This project performs EDA on the Microsoft data containing details of Malware infected devices. For this, we make use of SparkSQL using PySpark library.
- Kaggle account
- https://www.kaggle.com/c/microsoft-malware-prediction/data
- In order to access data files
- Install pyspark library
pip install pyspark
- We try to find infected class-wise data distribution.
- Operating System-wise Malware infection count
- Determining distribution of malware-infected touch-enabled devices
- Percent of Malware infected Devices with Enginer Version
- Percentage of infected devices with App version
- Percentage of infected devices with Antivirus version
- Percentage of infected devices with Antivirus product count
- Percentage of infected devices with OS Platform SubRelease
- Percentage of infected devices with OS Build
- Percentage of infected devices with Processor's Core Count
- Percentage of infected devices with Physical RAM
- Percentage of infected devices with System Chassis Type
- Percentage of infected devices with OS Edition
- Percentage of infected devices with Processor Type
- Percentage of infected devices with OS Genuine State
- Percentage of infected devices with Primary Disk Type
- Writing data to parquet file
df.write.format("parquet").save("file:///data.parquet")
The dataset has an equal count of both classes (malware-infected and non-infected devices).
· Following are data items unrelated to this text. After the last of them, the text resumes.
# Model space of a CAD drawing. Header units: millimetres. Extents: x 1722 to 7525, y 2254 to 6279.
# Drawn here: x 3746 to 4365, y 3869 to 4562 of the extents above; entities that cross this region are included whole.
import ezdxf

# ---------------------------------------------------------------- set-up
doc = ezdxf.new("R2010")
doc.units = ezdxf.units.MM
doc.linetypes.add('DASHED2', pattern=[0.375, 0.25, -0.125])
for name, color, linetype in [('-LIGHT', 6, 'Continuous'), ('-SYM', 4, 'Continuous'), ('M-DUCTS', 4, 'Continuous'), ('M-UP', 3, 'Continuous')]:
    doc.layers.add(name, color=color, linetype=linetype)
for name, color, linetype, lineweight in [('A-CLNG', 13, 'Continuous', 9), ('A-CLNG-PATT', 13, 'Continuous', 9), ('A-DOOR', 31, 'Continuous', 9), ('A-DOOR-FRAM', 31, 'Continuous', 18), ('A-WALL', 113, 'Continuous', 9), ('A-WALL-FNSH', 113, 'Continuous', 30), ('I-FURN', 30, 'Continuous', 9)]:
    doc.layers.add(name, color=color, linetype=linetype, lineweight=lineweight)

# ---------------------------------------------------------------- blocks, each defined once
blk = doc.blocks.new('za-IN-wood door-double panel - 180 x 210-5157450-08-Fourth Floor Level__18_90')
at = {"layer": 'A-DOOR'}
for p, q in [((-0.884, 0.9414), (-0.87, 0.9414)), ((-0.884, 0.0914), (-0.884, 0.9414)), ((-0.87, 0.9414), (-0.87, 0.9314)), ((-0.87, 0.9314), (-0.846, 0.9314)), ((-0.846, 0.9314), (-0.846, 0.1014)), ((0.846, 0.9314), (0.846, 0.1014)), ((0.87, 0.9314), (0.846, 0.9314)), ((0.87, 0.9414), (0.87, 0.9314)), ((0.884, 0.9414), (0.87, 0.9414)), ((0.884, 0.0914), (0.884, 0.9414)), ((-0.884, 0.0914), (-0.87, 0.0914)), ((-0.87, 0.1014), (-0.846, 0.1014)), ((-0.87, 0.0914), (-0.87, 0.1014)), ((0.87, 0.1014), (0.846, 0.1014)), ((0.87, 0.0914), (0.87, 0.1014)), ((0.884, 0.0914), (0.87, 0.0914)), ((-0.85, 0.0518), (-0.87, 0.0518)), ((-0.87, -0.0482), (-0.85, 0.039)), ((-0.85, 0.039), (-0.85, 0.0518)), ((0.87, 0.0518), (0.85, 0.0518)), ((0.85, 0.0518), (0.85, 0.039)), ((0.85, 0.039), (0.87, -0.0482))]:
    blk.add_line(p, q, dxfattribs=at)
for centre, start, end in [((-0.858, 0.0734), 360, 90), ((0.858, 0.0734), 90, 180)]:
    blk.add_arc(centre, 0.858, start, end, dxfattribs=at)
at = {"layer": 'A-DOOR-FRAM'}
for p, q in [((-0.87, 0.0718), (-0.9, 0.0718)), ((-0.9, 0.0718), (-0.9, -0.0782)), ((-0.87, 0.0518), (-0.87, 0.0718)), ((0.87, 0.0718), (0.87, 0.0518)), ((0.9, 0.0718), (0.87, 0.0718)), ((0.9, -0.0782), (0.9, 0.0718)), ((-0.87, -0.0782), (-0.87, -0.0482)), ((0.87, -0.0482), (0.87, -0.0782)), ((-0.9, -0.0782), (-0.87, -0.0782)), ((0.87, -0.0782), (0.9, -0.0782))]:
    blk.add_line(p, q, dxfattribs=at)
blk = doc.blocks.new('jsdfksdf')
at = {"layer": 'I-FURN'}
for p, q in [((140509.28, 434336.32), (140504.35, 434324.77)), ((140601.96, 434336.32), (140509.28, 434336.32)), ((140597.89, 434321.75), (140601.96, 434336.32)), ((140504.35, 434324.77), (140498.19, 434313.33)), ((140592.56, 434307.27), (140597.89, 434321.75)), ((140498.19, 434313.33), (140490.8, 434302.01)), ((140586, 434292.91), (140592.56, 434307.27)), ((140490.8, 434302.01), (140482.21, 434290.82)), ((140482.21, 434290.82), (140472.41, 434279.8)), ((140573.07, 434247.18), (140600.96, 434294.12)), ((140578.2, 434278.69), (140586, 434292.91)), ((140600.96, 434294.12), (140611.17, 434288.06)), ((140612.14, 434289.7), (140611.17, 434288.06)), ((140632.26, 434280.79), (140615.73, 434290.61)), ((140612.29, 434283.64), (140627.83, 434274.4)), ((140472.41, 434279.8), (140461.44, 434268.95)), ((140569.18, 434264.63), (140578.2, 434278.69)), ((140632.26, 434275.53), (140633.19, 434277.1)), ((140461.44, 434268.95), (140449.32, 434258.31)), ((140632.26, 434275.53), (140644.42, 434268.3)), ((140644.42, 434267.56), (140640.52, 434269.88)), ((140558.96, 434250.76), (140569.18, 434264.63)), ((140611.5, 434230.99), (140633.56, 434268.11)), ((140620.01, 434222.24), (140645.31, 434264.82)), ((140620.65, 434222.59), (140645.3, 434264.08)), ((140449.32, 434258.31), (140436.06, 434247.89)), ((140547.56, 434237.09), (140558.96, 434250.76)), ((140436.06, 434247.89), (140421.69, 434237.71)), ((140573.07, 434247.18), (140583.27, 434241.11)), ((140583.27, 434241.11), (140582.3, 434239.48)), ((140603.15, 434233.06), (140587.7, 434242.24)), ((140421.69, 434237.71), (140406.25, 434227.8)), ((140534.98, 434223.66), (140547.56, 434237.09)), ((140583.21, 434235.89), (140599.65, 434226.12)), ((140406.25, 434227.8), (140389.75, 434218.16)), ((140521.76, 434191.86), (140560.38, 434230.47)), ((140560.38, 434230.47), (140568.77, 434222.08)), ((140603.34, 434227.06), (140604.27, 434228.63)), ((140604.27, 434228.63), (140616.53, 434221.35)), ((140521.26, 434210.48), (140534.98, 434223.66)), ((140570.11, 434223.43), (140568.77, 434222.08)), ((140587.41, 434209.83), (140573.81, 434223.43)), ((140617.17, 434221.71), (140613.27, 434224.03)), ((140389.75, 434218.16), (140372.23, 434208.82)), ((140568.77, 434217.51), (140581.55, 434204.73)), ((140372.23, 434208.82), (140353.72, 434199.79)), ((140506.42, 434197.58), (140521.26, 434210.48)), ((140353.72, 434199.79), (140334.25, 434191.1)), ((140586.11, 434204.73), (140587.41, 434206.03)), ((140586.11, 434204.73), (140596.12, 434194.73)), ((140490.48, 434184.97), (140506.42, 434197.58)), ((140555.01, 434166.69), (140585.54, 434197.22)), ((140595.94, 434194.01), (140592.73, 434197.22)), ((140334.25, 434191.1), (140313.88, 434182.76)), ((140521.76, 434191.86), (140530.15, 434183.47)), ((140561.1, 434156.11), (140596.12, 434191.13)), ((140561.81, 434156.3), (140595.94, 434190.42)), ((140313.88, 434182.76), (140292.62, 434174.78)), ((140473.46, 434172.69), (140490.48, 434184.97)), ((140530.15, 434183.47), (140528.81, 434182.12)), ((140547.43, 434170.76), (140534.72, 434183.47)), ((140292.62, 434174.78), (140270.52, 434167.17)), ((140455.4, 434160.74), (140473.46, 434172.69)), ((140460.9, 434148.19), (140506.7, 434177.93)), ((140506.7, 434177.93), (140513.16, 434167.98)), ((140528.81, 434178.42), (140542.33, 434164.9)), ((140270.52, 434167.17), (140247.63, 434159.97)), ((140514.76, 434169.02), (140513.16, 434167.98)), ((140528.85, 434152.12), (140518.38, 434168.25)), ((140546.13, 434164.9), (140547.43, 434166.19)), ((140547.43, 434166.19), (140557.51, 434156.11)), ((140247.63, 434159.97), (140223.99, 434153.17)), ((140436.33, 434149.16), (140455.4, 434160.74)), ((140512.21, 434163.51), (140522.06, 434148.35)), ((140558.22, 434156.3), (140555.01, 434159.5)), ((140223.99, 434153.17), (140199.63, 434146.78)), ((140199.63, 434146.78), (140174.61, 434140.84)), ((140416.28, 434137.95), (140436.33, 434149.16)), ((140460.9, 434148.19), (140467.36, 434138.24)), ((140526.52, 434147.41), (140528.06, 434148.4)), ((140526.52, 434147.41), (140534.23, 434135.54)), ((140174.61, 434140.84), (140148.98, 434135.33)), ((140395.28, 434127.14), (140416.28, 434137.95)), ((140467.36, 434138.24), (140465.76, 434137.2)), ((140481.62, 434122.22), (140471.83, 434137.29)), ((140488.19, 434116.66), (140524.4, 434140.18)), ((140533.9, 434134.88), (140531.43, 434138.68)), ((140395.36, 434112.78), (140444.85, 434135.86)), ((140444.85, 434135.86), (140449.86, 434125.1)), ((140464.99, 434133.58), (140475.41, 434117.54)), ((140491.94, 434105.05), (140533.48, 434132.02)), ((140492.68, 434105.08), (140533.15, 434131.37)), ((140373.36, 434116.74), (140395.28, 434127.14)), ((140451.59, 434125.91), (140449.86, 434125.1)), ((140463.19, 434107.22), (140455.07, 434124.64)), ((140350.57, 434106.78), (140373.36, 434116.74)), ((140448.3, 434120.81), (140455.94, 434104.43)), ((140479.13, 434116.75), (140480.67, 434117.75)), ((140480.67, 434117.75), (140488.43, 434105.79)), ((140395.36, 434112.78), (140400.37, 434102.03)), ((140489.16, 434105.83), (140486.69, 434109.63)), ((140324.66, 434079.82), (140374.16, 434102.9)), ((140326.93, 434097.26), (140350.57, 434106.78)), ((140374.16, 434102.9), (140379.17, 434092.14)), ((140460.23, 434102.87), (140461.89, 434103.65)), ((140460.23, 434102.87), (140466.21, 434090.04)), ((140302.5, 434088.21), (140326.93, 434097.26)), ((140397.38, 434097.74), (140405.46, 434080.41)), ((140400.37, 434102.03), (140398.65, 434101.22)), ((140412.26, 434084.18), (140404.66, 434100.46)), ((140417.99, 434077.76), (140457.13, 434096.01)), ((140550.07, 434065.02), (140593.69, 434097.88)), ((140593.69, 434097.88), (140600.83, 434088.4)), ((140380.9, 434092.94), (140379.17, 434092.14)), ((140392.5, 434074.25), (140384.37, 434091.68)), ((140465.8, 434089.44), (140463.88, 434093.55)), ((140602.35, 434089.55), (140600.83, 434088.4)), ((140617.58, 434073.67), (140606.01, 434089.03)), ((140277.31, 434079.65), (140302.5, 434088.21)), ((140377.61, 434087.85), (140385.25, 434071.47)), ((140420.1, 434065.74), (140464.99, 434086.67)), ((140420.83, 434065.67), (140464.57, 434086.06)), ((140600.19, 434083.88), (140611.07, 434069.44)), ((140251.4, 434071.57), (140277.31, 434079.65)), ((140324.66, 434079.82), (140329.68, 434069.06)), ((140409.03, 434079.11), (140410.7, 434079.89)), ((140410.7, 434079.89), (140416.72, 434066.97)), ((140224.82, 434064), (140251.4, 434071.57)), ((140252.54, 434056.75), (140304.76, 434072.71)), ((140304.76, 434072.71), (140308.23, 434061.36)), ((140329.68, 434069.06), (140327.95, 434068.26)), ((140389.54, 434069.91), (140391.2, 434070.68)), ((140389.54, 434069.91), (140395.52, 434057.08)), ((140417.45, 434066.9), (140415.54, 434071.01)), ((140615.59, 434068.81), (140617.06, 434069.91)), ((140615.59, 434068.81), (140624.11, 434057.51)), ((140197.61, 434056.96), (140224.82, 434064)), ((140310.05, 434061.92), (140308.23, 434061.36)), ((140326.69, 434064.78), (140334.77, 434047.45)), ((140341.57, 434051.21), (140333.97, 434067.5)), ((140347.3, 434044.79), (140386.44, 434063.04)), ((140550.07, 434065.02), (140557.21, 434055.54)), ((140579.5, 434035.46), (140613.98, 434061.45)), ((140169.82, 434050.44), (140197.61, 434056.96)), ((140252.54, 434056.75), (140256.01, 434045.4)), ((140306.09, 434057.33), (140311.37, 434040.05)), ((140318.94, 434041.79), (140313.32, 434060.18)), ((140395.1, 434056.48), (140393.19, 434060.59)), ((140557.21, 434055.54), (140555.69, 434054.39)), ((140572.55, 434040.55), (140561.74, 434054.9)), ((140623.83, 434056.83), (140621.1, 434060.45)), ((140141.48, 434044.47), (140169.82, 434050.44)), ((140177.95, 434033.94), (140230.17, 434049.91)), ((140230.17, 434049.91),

Moreover, it is observed that the devices running Windows10 are more vulnerable to malware, especially touch-enabled devices. The devices with App version 4.18.1807.18075 is at high risk as most of the affected systems have this version.
From the analysis, we can also observe that the devices having more than 2 antivirus products installed are less affected. However surprisingly, the devices with no antivirus are also least affected. Also, 64-bit devices are largely affected and that too whose OS is genuine.